▶ [Instructions to follow] From the entries below, copy every line holding the word "Actuator".

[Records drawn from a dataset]
####################

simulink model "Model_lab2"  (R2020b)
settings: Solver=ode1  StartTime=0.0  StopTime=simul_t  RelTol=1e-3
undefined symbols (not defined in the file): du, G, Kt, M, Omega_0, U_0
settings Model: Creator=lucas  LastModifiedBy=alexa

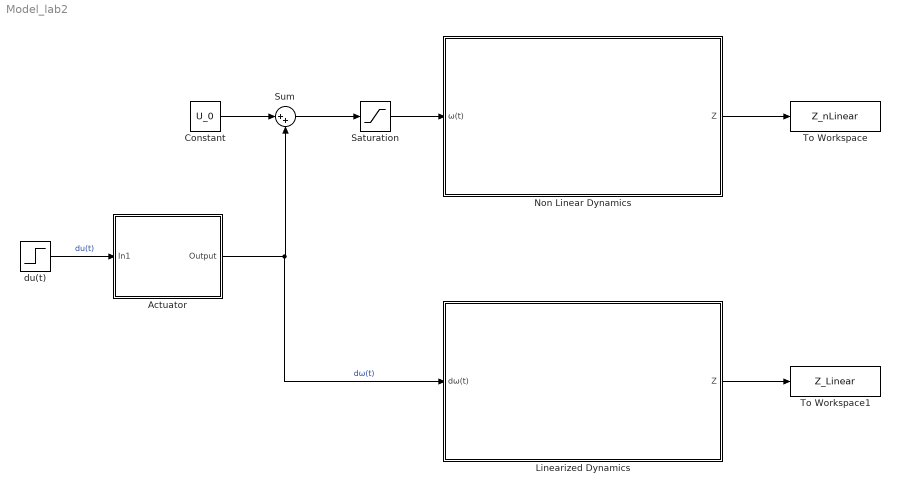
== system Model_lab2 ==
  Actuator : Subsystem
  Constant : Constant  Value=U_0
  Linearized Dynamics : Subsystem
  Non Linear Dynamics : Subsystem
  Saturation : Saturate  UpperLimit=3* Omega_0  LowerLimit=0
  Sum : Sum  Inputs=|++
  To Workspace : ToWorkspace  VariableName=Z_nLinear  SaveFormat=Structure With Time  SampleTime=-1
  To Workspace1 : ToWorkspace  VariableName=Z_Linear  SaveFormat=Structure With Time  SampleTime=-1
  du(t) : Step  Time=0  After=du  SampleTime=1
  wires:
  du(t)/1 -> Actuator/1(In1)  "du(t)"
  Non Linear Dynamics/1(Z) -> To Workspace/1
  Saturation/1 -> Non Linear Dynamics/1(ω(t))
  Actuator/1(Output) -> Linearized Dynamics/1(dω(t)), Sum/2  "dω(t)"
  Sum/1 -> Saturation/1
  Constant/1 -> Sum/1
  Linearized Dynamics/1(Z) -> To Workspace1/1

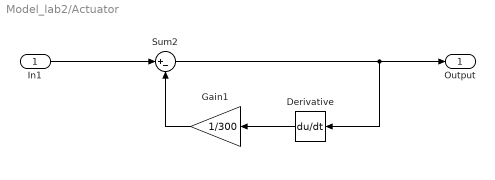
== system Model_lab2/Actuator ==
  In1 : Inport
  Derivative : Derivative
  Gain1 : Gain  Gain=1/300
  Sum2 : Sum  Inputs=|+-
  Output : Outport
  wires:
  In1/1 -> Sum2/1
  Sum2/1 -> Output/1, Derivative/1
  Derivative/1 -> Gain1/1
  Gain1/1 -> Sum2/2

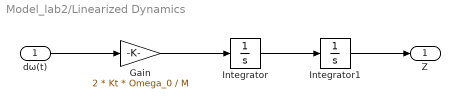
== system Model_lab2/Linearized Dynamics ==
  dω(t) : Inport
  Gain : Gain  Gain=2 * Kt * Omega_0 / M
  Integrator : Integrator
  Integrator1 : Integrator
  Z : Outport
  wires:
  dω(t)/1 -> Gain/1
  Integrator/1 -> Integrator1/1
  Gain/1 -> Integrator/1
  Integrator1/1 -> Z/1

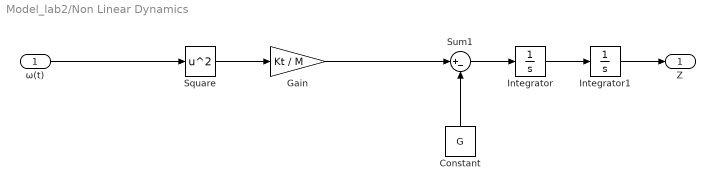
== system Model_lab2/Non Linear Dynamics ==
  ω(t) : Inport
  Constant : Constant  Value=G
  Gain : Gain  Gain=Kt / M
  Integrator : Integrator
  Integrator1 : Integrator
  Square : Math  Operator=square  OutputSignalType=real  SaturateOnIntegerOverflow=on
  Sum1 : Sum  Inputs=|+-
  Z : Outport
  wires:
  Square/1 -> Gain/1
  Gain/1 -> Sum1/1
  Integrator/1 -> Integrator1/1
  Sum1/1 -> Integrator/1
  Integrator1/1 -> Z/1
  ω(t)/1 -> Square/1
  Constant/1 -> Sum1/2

####################

▶ [Exercise result]
  Actuator : Subsystem
  du(t)/1 -> Actuator/1(In1)  "du(t)"
  Actuator/1(Output) -> Linearized Dynamics/1(dω(t)), Sum/2  "dω(t)"
== system Model_lab2/Actuator ==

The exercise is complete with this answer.